Transformer Hawkes process models have shown to be successful in modeling event sequence data. However, most of the existing training methods rely on maximizing the likelihood of event sequences, which involves calculating some intractable integral. Moreover, the existing methods fail to provide uncertainty quantification for model predictions, e. g. , confidence interval for the predicted event’s arrival time. To address these issues, we propose SMURF-THP, a score-based method for learning Transformer Hawkes process and quantifying prediction uncertainty. Specifically, SMURF-THP learns the score function of the event’s arrival time based on a score-matching objective that avoids the intractable computation. With such a learnt score function, we can sample arrival time of events from the predictive distribution. This naturally allows for the quantification of uncertainty by computing confidence intervals over the generated samples. We conduct extensive experiments in both event type prediction and uncertainty quantification on time of arrival. In all the experiments, SMURF-THP outperforms existing likelihood-based methods in confidence calibration while exhibiting comparable prediction accuracy.

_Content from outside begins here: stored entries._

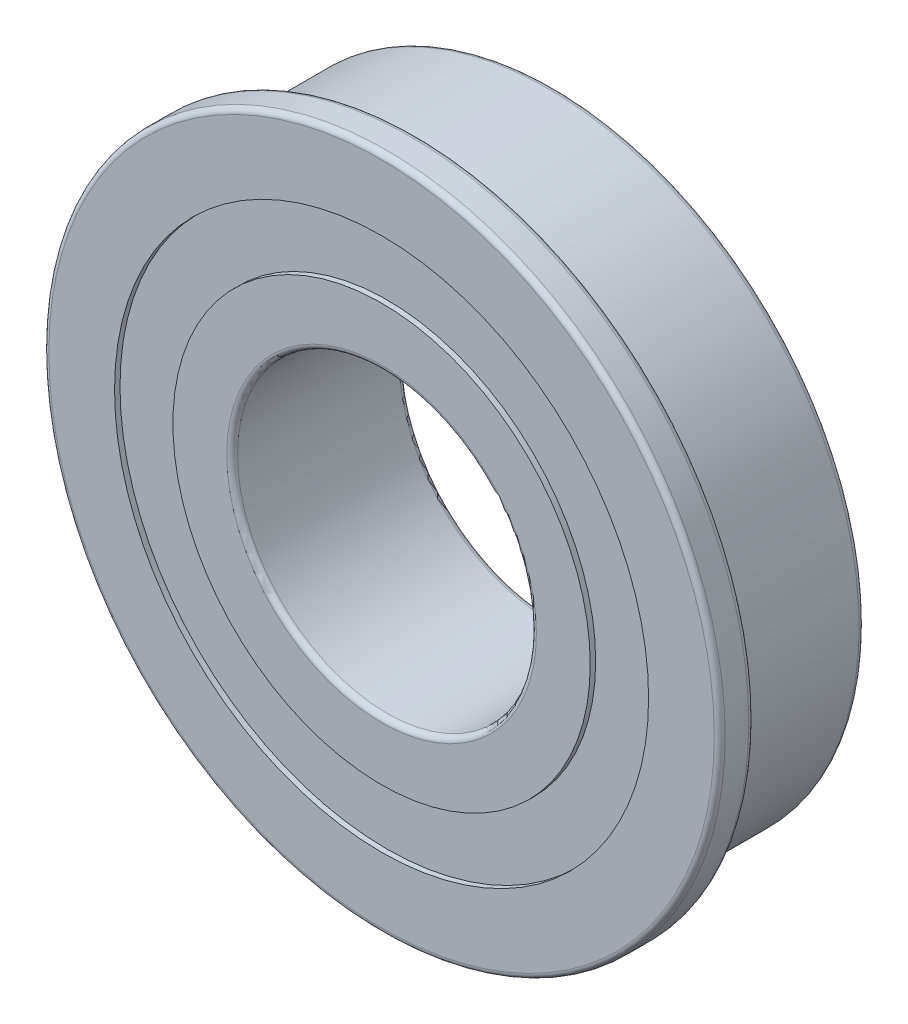
ISO-10303-21;
HEADER;
FILE_DESCRIPTION(('STEP AP214'),'2;1');
FILE_NAME('part.step','',(''),(''),'','','');
FILE_SCHEMA(('AUTOMOTIVE_DESIGN { 1 0 10303 214 1 1 1 1 }'));
ENDSEC;
DATA;
#1=APPLICATION_CONTEXT('core data for automotive mechanical design processes');
#2=APPLICATION_PROTOCOL_DEFINITION('international standard','automotive_design',2000,#1);
#3=PRODUCT_CONTEXT('',#1,'mechanical');
#4=PRODUCT('Part','Part','',(#3));
#5=PRODUCT_RELATED_PRODUCT_CATEGORY('part','',(#4));
#6=PRODUCT_DEFINITION_FORMATION('','',#4);
#7=PRODUCT_DEFINITION_CONTEXT('part definition',#1,'design');
#8=PRODUCT_DEFINITION('design','',#6,#7);
#9=PRODUCT_DEFINITION_SHAPE('','',#8);
#10=(LENGTH_UNIT() NAMED_UNIT(*) SI_UNIT(.MILLI.,.METRE.));
#11=(NAMED_UNIT(*) PLANE_ANGLE_UNIT() SI_UNIT($,.RADIAN.));
#12=(NAMED_UNIT(*) SI_UNIT($,.STERADIAN.) SOLID_ANGLE_UNIT());
#13=UNCERTAINTY_MEASURE_WITH_UNIT(LENGTH_MEASURE(1.E-05),#10,'distance_accuracy_value','');
#14=(GEOMETRIC_REPRESENTATION_CONTEXT(3) GLOBAL_UNCERTAINTY_ASSIGNED_CONTEXT((#13)) GLOBAL_UNIT_ASSIGNED_CONTEXT((#10,
#11,#12)) REPRESENTATION_CONTEXT('',''));
#15=CARTESIAN_POINT('',(0.,0.,0.));
#16=DIRECTION('',(0.,0.,1.));
#17=DIRECTION('',(1.,0.,0.));
#18=AXIS2_PLACEMENT_3D('',#15,#16,#17);
#19=CARTESIAN_POINT('',(0.,0.,53.2489151398073));
#20=DIRECTION('',(0.,0.,1.));
#21=DIRECTION('',(1.,0.,0.));
#22=AXIS2_PLACEMENT_3D('',#19,#20,#21);
#23=CYLINDRICAL_SURFACE('',#22,12.2875);
#24=CARTESIAN_POINT('',(0.,0.,-3.96875));
#25=DIRECTION('',(0.,0.,1.));
#26=DIRECTION('',(1.,0.,0.));
#27=AXIS2_PLACEMENT_3D('',#24,#25,#26);
#28=CIRCLE('',#27,12.2875);
#29=CARTESIAN_POINT('',(12.2875,0.,-3.96875));
#30=VERTEX_POINT('',#29);
#31=EDGE_CURVE('E407',#30,#30,#28,.F.);
#32=ORIENTED_EDGE('',*,*,#31,.T.);
#33=EDGE_LOOP('',(#32));
#34=FACE_BOUND('',#33,.T.);
#35=CARTESIAN_POINT('',(0.,0.,-3.71875));
#36=DIRECTION('',(0.,0.,1.));
#37=DIRECTION('',(1.,0.,0.));
#38=AXIS2_PLACEMENT_3D('',#35,#36,#37);
#39=CIRCLE('',#38,12.2875);
#40=CARTESIAN_POINT('',(12.2875,0.,-3.71875));
#41=VERTEX_POINT('',#40);
#42=EDGE_CURVE('E80',#41,#41,#39,.T.);
#43=ORIENTED_EDGE('',*,*,#42,.T.);
#44=EDGE_LOOP('',(#43));
#45=FACE_BOUND('',#44,.T.);
#46=ADVANCED_FACE('F17',(#34,#45),#23,.F.);
#47=CARTESIAN_POINT('',(0.,12.2875,-3.96875));
#48=DIRECTION('',(0.,0.,1.));
#49=DIRECTION('',(1.,0.,0.));
#50=AXIS2_PLACEMENT_3D('',#47,#48,#49);
#51=PLANE('',#50);
#52=ORIENTED_EDGE('',*,*,#31,.F.);
#53=EDGE_LOOP('',(#52));
#54=FACE_BOUND('',#53,.T.);
#55=CARTESIAN_POINT('',(0.,0.,-3.96875));
#56=DIRECTION('',(0.,0.,1.));
#57=DIRECTION('',(1.,0.,0.));
#58=AXIS2_PLACEMENT_3D('',#55,#56,#57);
#59=CIRCLE('',#58,14.0375);
#60=CARTESIAN_POINT('',(14.0375,0.,-3.96875));
#61=VERTEX_POINT('',#60);
#62=CARTESIAN_POINT('',(-14.0375,0.,-3.96875));
#63=VERTEX_POINT('',#62);
#64=EDGE_CURVE('E70',#61,#63,#59,.T.);
#65=ORIENTED_EDGE('',*,*,#64,.F.);
#66=CARTESIAN_POINT('',(0.,0.,-3.96875));
#67=DIRECTION('',(0.,0.,1.));
#68=DIRECTION('',(-1.,0.,0.));
#69=AXIS2_PLACEMENT_3D('',#66,#67,#68);
#70=CIRCLE('',#69,14.0375);
#71=EDGE_CURVE('E68',#63,#61,#70,.T.);
#72=ORIENTED_EDGE('',*,*,#71,.F.);
#73=EDGE_LOOP('',(#65,#72));
#74=FACE_BOUND('',#73,.T.);
#75=ADVANCED_FACE('F79',(#54,#74),#51,.F.);
#76=CARTESIAN_POINT('',(0.,9.602,-3.71875));
#77=DIRECTION('',(0.,0.,1.));
#78=DIRECTION('',(1.,0.,0.));
#79=AXIS2_PLACEMENT_3D('',#76,#77,#78);
#80=PLANE('',#79);
#81=CARTESIAN_POINT('',(0.,0.,-3.71875));
#82=DIRECTION('',(0.,0.,1.));
#83=DIRECTION('',(1.,0.,0.));
#84=AXIS2_PLACEMENT_3D('',#81,#82,#83);
#85=CIRCLE('',#84,9.602);
#86=CARTESIAN_POINT('',(9.602,0.,-3.71875));
#87=VERTEX_POINT('',#86);
#88=EDGE_CURVE('E75',#87,#87,#85,.F.);
#89=ORIENTED_EDGE('',*,*,#88,.F.);
#90=EDGE_LOOP('',(#89));
#91=FACE_BOUND('',#90,.T.);
#92=ORIENTED_EDGE('',*,*,#42,.F.);
#93=EDGE_LOOP('',(#92));
#94=FACE_BOUND('',#93,.T.);
#95=ADVANCED_FACE('F94',(#91,#94),#80,.F.);
#96=CARTESIAN_POINT('',(0.,0.,-3.71875));
#97=DIRECTION('',(0.,0.,1.));
#98=DIRECTION('',(1.,0.,0.));
#99=AXIS2_PLACEMENT_3D('',#96,#97,#98);
#100=TOROIDAL_SURFACE('',#99,14.0375,0.25);
#101=CARTESIAN_POINT('',(0.,0.,-3.71875));
#102=DIRECTION('',(0.,0.,1.));
#103=DIRECTION('',(1.,0.,0.));
#104=AXIS2_PLACEMENT_3D('',#101,#102,#103);
#105=CIRCLE('',#104,14.2875);
#106=CARTESIAN_POINT('',(14.2875,0.,-3.71875));
#107=VERTEX_POINT('',#106);
#108=EDGE_CURVE('E109',#107,#107,#105,.T.);
#109=ORIENTED_EDGE('',*,*,#108,.F.);
#110=EDGE_LOOP('',(#109));
#111=FACE_BOUND('',#110,.T.);
#112=ORIENTED_EDGE('',*,*,#64,.T.);
#113=ORIENTED_EDGE('',*,*,#71,.T.);
#114=EDGE_LOOP('',(#112,#113));
#115=FACE_BOUND('',#114,.T.);
#116=ADVANCED_FACE('F72',(#111,#115),#100,.T.);
#117=CARTESIAN_POINT('',(0.,0.,53.2489151398073));
#118=DIRECTION('',(0.,0.,1.));
#119=DIRECTION('',(1.,0.,0.));
#120=AXIS2_PLACEMENT_3D('',#117,#118,#119);
#121=CYLINDRICAL_SURFACE('',#120,9.602);
#122=ORIENTED_EDGE('',*,*,#88,.T.);
#123=EDGE_LOOP('',(#122));
#124=FACE_BOUND('',#123,.T.);
#125=CARTESIAN_POINT('',(0.,0.,-3.96875));
#126=DIRECTION('',(0.,0.,1.));
#127=DIRECTION('',(1.,0.,0.));
#128=AXIS2_PLACEMENT_3D('',#125,#126,#127);
#129=CIRCLE('',#128,9.602);
#130=CARTESIAN_POINT('',(9.602,0.,-3.96875));
#131=VERTEX_POINT('',#130);
#132=EDGE_CURVE('E112',#131,#131,#129,.T.);
#133=ORIENTED_EDGE('',*,*,#132,.T.);
#134=EDGE_LOOP('',(#133));
#135=FACE_BOUND('',#134,.T.);
#136=ADVANCED_FACE('F103',(#124,#135),#121,.T.);
#137=CARTESIAN_POINT('',(0.,0.,53.2489151398073));
#138=DIRECTION('',(0.,0.,1.));
#139=DIRECTION('',(1.,0.,0.));
#140=AXIS2_PLACEMENT_3D('',#137,#138,#139);
#141=CYLINDRICAL_SURFACE('',#140,14.2875);
#142=CARTESIAN_POINT('',(0.,0.,1.63125));
#143=DIRECTION('',(0.,0.,-1.));
#144=DIRECTION('',(-1.,0.,0.));
#145=AXIS2_PLACEMENT_3D('',#142,#143,#144);
#146=CIRCLE('',#145,14.2875);
#147=CARTESIAN_POINT('',(-14.2875,0.,1.63125));
#148=VERTEX_POINT('',#147);
#149=EDGE_CURVE('E113',#148,#148,#146,.F.);
#150=ORIENTED_EDGE('',*,*,#149,.F.);
#151=EDGE_LOOP('',(#150));
#152=FACE_BOUND('',#151,.T.);
#153=ORIENTED_EDGE('',*,*,#108,.T.);
#154=EDGE_LOOP('',(#153));
#155=FACE_BOUND('',#154,.T.);
#156=ADVANCED_FACE('F163',(#152,#155),#141,.T.);
#157=CARTESIAN_POINT('',(0.,6.875,-3.96875));
#158=DIRECTION('',(0.,0.,1.));
#159=DIRECTION('',(1.,0.,0.));
#160=AXIS2_PLACEMENT_3D('',#157,#158,#159);
#161=PLANE('',#160);
#162=ORIENTED_EDGE('',*,*,#132,.F.);
#163=EDGE_LOOP('',(#162));
#164=FACE_BOUND('',#163,.T.);
#165=CARTESIAN_POINT('',(0.,0.,-3.96875));
#166=DIRECTION('',(0.,0.,-1.));
#167=DIRECTION('',(1.,0.,0.));
#168=AXIS2_PLACEMENT_3D('',#165,#166,#167);
#169=CIRCLE('',#168,7.125);
#170=CARTESIAN_POINT('',(7.125,0.,-3.96875));
#171=VERTEX_POINT('',#170);
#172=CARTESIAN_POINT('',(-7.125,0.,-3.96875));
#173=VERTEX_POINT('',#172);
#174=EDGE_CURVE('E116',#171,#173,#169,.T.);
#175=ORIENTED_EDGE('',*,*,#174,.F.);
#176=CARTESIAN_POINT('',(0.,0.,-3.96875));
#177=DIRECTION('',(0.,0.,-1.));
#178=DIRECTION('',(-1.,0.,0.));
#179=AXIS2_PLACEMENT_3D('',#176,#177,#178);
#180=CIRCLE('',#179,7.125);
#181=EDGE_CURVE('E147',#173,#171,#180,.T.);
#182=ORIENTED_EDGE('',*,*,#181,.F.);
#183=EDGE_LOOP('',(#175,#182));
#184=FACE_BOUND('',#183,.T.);
#185=ADVANCED_FACE('F155',(#164,#184),#161,.F.);
#186=CARTESIAN_POINT('',(0.,0.,1.63125));
#187=DIRECTION('',(0.,0.,-1.));
#188=DIRECTION('',(-1.,0.,0.));
#189=AXIS2_PLACEMENT_3D('',#186,#187,#188);
#190=CONICAL_SURFACE('',#189,14.2875,0.523598775598298);
#191=ORIENTED_EDGE('',*,*,#149,.T.);
#192=EDGE_LOOP('',(#191));
#193=FACE_BOUND('',#192,.T.);
#194=CARTESIAN_POINT('',(0.,0.,2.00625));
#195=DIRECTION('',(0.,0.,1.));
#196=DIRECTION('',(1.,0.,0.));
#197=AXIS2_PLACEMENT_3D('',#194,#195,#196);
#198=CIRCLE('',#197,14.0709936490539);
#199=CARTESIAN_POINT('',(14.0709936490539,0.,2.00625));
#200=VERTEX_POINT('',#199);
#201=EDGE_CURVE('E144',#200,#200,#198,.F.);
#202=ORIENTED_EDGE('',*,*,#201,.T.);
#203=EDGE_LOOP('',(#202));
#204=FACE_BOUND('',#203,.T.);
#205=ADVANCED_FACE('F134',(#193,#204),#190,.T.);
#206=CARTESIAN_POINT('',(0.,0.,-3.71875));
#207=DIRECTION('',(0.,0.,1.));
#208=DIRECTION('',(1.,0.,0.));
#209=AXIS2_PLACEMENT_3D('',#206,#207,#208);
#210=TOROIDAL_SURFACE('',#209,7.125,0.25);
#211=ORIENTED_EDGE('',*,*,#174,.T.);
#212=ORIENTED_EDGE('',*,*,#181,.T.);
#213=EDGE_LOOP('',(#211,#212));
#214=FACE_BOUND('',#213,.T.);
#215=CARTESIAN_POINT('',(0.,0.,-3.71875));
#216=DIRECTION('',(0.,0.,1.));
#217=DIRECTION('',(1.,0.,0.));
#218=AXIS2_PLACEMENT_3D('',#215,#216,#217);
#219=CIRCLE('',#218,6.875);
#220=CARTESIAN_POINT('',(6.875,0.,-3.71875));
#221=VERTEX_POINT('',#220);
#222=EDGE_CURVE('E142',#221,#221,#219,.T.);
#223=ORIENTED_EDGE('',*,*,#222,.T.);
#224=EDGE_LOOP('',(#223));
#225=FACE_BOUND('',#224,.T.);
#226=ADVANCED_FACE('F122',(#214,#225),#210,.T.);
#227=CARTESIAN_POINT('',(0.,0.,53.2489151398073));
#228=DIRECTION('',(0.,0.,1.));
#229=DIRECTION('',(1.,0.,0.));
#230=AXIS2_PLACEMENT_3D('',#227,#228,#229);
#231=CYLINDRICAL_SURFACE('',#230,6.875);
#232=ORIENTED_EDGE('',*,*,#222,.F.);
#233=EDGE_LOOP('',(#232));
#234=FACE_BOUND('',#233,.T.);
#235=CARTESIAN_POINT('',(0.,0.,3.71875));
#236=DIRECTION('',(0.,0.,-1.));
#237=DIRECTION('',(-1.,0.,0.));
#238=AXIS2_PLACEMENT_3D('',#235,#236,#237);
#239=CIRCLE('',#238,6.875);
#240=CARTESIAN_POINT('',(-6.875,0.,3.71875));
#241=VERTEX_POINT('',#240);
#242=EDGE_CURVE('E386',#241,#241,#239,.T.);
#243=ORIENTED_EDGE('',*,*,#242,.F.);
#244=EDGE_LOOP('',(#243));
#245=FACE_BOUND('',#244,.T.);
#246=ADVANCED_FACE('F133',(#234,#245),#231,.F.);
#247=CARTESIAN_POINT('',(0.,0.,2.13125));
#248=DIRECTION('',(0.,0.,1.));
#249=DIRECTION('',(1.,0.,0.));
#250=AXIS2_PLACEMENT_3D('',#247,#248,#249);
#251=TOROIDAL_SURFACE('',#250,14.2875,0.249999999999998);
#252=ORIENTED_EDGE('',*,*,#201,.F.);
#253=EDGE_LOOP('',(#252));
#254=FACE_BOUND('',#253,.T.);
#255=CARTESIAN_POINT('',(0.,0.,2.38125));
#256=DIRECTION('',(0.,0.,-1.));
#257=DIRECTION('',(1.,0.,0.));
#258=AXIS2_PLACEMENT_3D('',#255,#256,#257);
#259=CIRCLE('',#258,14.2875);
#260=CARTESIAN_POINT('',(14.2875,0.,2.38125));
#261=VERTEX_POINT('',#260);
#262=CARTESIAN_POINT('',(-14.2875,0.,2.38125));
#263=VERTEX_POINT('',#262);
#264=EDGE_CURVE('E388',#261,#263,#259,.T.);
#265=ORIENTED_EDGE('',*,*,#264,.T.);
#266=CARTESIAN_POINT('',(0.,0.,2.38125));
#267=DIRECTION('',(0.,0.,-1.));
#268=DIRECTION('',(-1.,0.,0.));
#269=AXIS2_PLACEMENT_3D('',#266,#267,#268);
#270=CIRCLE('',#269,14.2875);
#271=EDGE_CURVE('E324',#263,#261,#270,.T.);
#272=ORIENTED_EDGE('',*,*,#271,.T.);
#273=EDGE_LOOP('',(#265,#272));
#274=FACE_BOUND('',#273,.T.);
#275=ADVANCED_FACE('F357',(#254,#274),#251,.F.);
#276=CARTESIAN_POINT('',(0.,0.,3.71875));
#277=DIRECTION('',(0.,0.,-1.));
#278=DIRECTION('',(-1.,0.,0.));
#279=AXIS2_PLACEMENT_3D('',#276,#277,#278);
#280=TOROIDAL_SURFACE('',#279,7.125,0.25);
#281=CARTESIAN_POINT('',(0.,0.,3.96875));
#282=DIRECTION('',(0.,0.,1.));
#283=DIRECTION('',(-1.,0.,0.));
#284=AXIS2_PLACEMENT_3D('',#281,#282,#283);
#285=CIRCLE('',#284,7.125);
#286=CARTESIAN_POINT('',(-7.125,0.,3.96875));
#287=VERTEX_POINT('',#286);
#288=CARTESIAN_POINT('',(7.125,0.,3.96875));
#289=VERTEX_POINT('',#288);
#290=EDGE_CURVE('E268',#287,#289,#285,.T.);
#291=ORIENTED_EDGE('',*,*,#290,.T.);
#292=CARTESIAN_POINT('',(0.,0.,3.96875));
#293=DIRECTION('',(0.,0.,1.));
#294=DIRECTION('',(1.,0.,0.));
#295=AXIS2_PLACEMENT_3D('',#292,#293,#294);
#296=CIRCLE('',#295,7.125);
#297=EDGE_CURVE('E279',#289,#287,#296,.T.);
#298=ORIENTED_EDGE('',*,*,#297,.T.);
#299=EDGE_LOOP('',(#291,#298));
#300=FACE_BOUND('',#299,.T.);
#301=ORIENTED_EDGE('',*,*,#242,.T.);
#302=EDGE_LOOP('',(#301));
#303=FACE_BOUND('',#302,.T.);
#304=ADVANCED_FACE('F303',(#300,#303),#280,.T.);
#305=CARTESIAN_POINT('',(0.,14.2875,2.38125));
#306=DIRECTION('',(0.,0.,1.));
#307=DIRECTION('',(1.,0.,0.));
#308=AXIS2_PLACEMENT_3D('',#305,#306,#307);
#309=PLANE('',#308);
#310=ORIENTED_EDGE('',*,*,#264,.F.);
#311=ORIENTED_EDGE('',*,*,#271,.F.);
#312=EDGE_LOOP('',(#310,#311));
#313=FACE_BOUND('',#312,.T.);
#314=CARTESIAN_POINT('',(0.,0.,2.38125));
#315=DIRECTION('',(0.,0.,1.));
#316=DIRECTION('',(1.,0.,0.));
#317=AXIS2_PLACEMENT_3D('',#314,#315,#316);
#318=CIRCLE('',#317,15.31);
#319=CARTESIAN_POINT('',(15.31,0.,2.38125));
#320=VERTEX_POINT('',#319);
#321=CARTESIAN_POINT('',(-15.31,0.,2.38125));
#322=VERTEX_POINT('',#321);
#323=EDGE_CURVE('E237',#320,#322,#318,.T.);
#324=ORIENTED_EDGE('',*,*,#323,.F.);
#325=CARTESIAN_POINT('',(0.,0.,2.38125));
#326=DIRECTION('',(0.,0.,1.));
#327=DIRECTION('',(-1.,0.,0.));
#328=AXIS2_PLACEMENT_3D('',#325,#326,#327);
#329=CIRCLE('',#328,15.31);
#330=EDGE_CURVE('E334',#322,#320,#329,.T.);
#331=ORIENTED_EDGE('',*,*,#330,.F.);
#332=EDGE_LOOP('',(#324,#331));
#333=FACE_BOUND('',#332,.T.);
#334=ADVANCED_FACE('F294',(#313,#333),#309,.F.);
#335=CARTESIAN_POINT('',(0.,9.602,3.96875));
#336=DIRECTION('',(0.,0.,-1.));
#337=DIRECTION('',(-1.,0.,0.));
#338=AXIS2_PLACEMENT_3D('',#335,#336,#337);
#339=PLANE('',#338);
#340=CARTESIAN_POINT('',(0.,0.,3.96875));
#341=DIRECTION('',(0.,0.,1.));
#342=DIRECTION('',(1.,0.,0.));
#343=AXIS2_PLACEMENT_3D('',#340,#341,#342);
#344=CIRCLE('',#343,9.602);
#345=CARTESIAN_POINT('',(9.602,0.,3.96875));
#346=VERTEX_POINT('',#345);
#347=EDGE_CURVE('E392',#346,#346,#344,.F.);
#348=ORIENTED_EDGE('',*,*,#347,.F.);
#349=EDGE_LOOP('',(#348));
#350=FACE_BOUND('',#349,.T.);
#351=ORIENTED_EDGE('',*,*,#290,.F.);
#352=ORIENTED_EDGE('',*,*,#297,.F.);
#353=EDGE_LOOP('',(#351,#352));
#354=FACE_BOUND('',#353,.T.);
#355=ADVANCED_FACE('F257',(#350,#354),#339,.F.);
#356=CARTESIAN_POINT('',(0.,0.,2.63125));
#357=DIRECTION('',(0.,0.,1.));
#358=DIRECTION('',(1.,0.,0.));
#359=AXIS2_PLACEMENT_3D('',#356,#357,#358);
#360=TOROIDAL_SURFACE('',#359,15.31,0.25);
#361=ORIENTED_EDGE('',*,*,#323,.T.);
#362=ORIENTED_EDGE('',*,*,#330,.T.);
#363=EDGE_LOOP('',(#361,#362));
#364=FACE_BOUND('',#363,.T.);
#365=CARTESIAN_POINT('',(0.,0.,2.63125));
#366=DIRECTION('',(0.,0.,1.));
#367=DIRECTION('',(1.,0.,0.));
#368=AXIS2_PLACEMENT_3D('',#365,#366,#367);
#369=CIRCLE('',#368,15.56);
#370=CARTESIAN_POINT('',(15.56,0.,2.63125));
#371=VERTEX_POINT('',#370);
#372=EDGE_CURVE('E265',#371,#371,#369,.T.);
#373=ORIENTED_EDGE('',*,*,#372,.F.);
#374=EDGE_LOOP('',(#373));
#375=FACE_BOUND('',#374,.T.);
#376=ADVANCED_FACE('F245',(#364,#375),#360,.T.);
#377=CARTESIAN_POINT('',(0.,0.,53.2489151398073));
#378=DIRECTION('',(0.,0.,1.));
#379=DIRECTION('',(1.,0.,0.));
#380=AXIS2_PLACEMENT_3D('',#377,#378,#379);
#381=CYLINDRICAL_SURFACE('',#380,9.602);
#382=ORIENTED_EDGE('',*,*,#347,.T.);
#383=EDGE_LOOP('',(#382));
#384=FACE_BOUND('',#383,.T.);
#385=CARTESIAN_POINT('',(0.,0.,3.71875));
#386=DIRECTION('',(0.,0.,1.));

AAAI Conference 2022 Conference Paper

Zeroth-Order Optimization for Composite Problems with Functional Constraints

  • Zichong Li
  • Pin-Yu Chen
  • Sijia Liu
  • Songtao Lu
  • Yangyang Xu

In many real-world problems, first-order (FO) derivative evaluations are too expensive or even inaccessible. For solving these problems, zeroth-order (ZO) methods that only need function evaluations are often more efficient than FO methods or sometimes the only options. In this paper, we propose a novel zeroth-order inexact augmented Lagrangian method (ZO-iALM) to solve black-box optimization problems, which involve a composite (i. e. , smooth+nonsmooth) objective and functional constraints. This appears to be the first work that develops an iALM-based ZO method for functional constrained optimization and meanwhile achieves query complexity results matching the best-known FO complexity results up to a factor of variable dimension. With an extensive experimental study, we show the effectiveness of our method. The applications of our method span from classical optimization problems to practical machine learning examples such as resource allocation in sensor networks and adversarial example generation.

ICML Conference 2020 Conference Paper

Transformer Hawkes Process

  • Simiao Zuo
  • Haoming Jiang
  • Zichong Li
  • Tuo Zhao
  • Hongyuan Zha

Modern data acquisition routinely produce massive amounts of event sequence data in various domains, such as social media, healthcare, and financial markets. These data often exhibit complicated short-term and long-term temporal dependencies. However, most of the existing recurrent neural network based point process models fail to capture such dependencies, and yield unreliable prediction performance. To address this issue, we propose a Transformer Hawkes Process (THP) model, which leverages the self-attention mechanism to capture long-term dependencies and meanwhile enjoys computational efficiency. Numerical experiments on various datasets show that THP outperforms existing models in terms of both likelihood and event prediction accuracy by a notable margin. Moreover, THP is quite general and can incorporate additional structural knowledge. We provide a concrete example, where THP achieves improved prediction performance for learning multiple point processes when incorporating their relational information.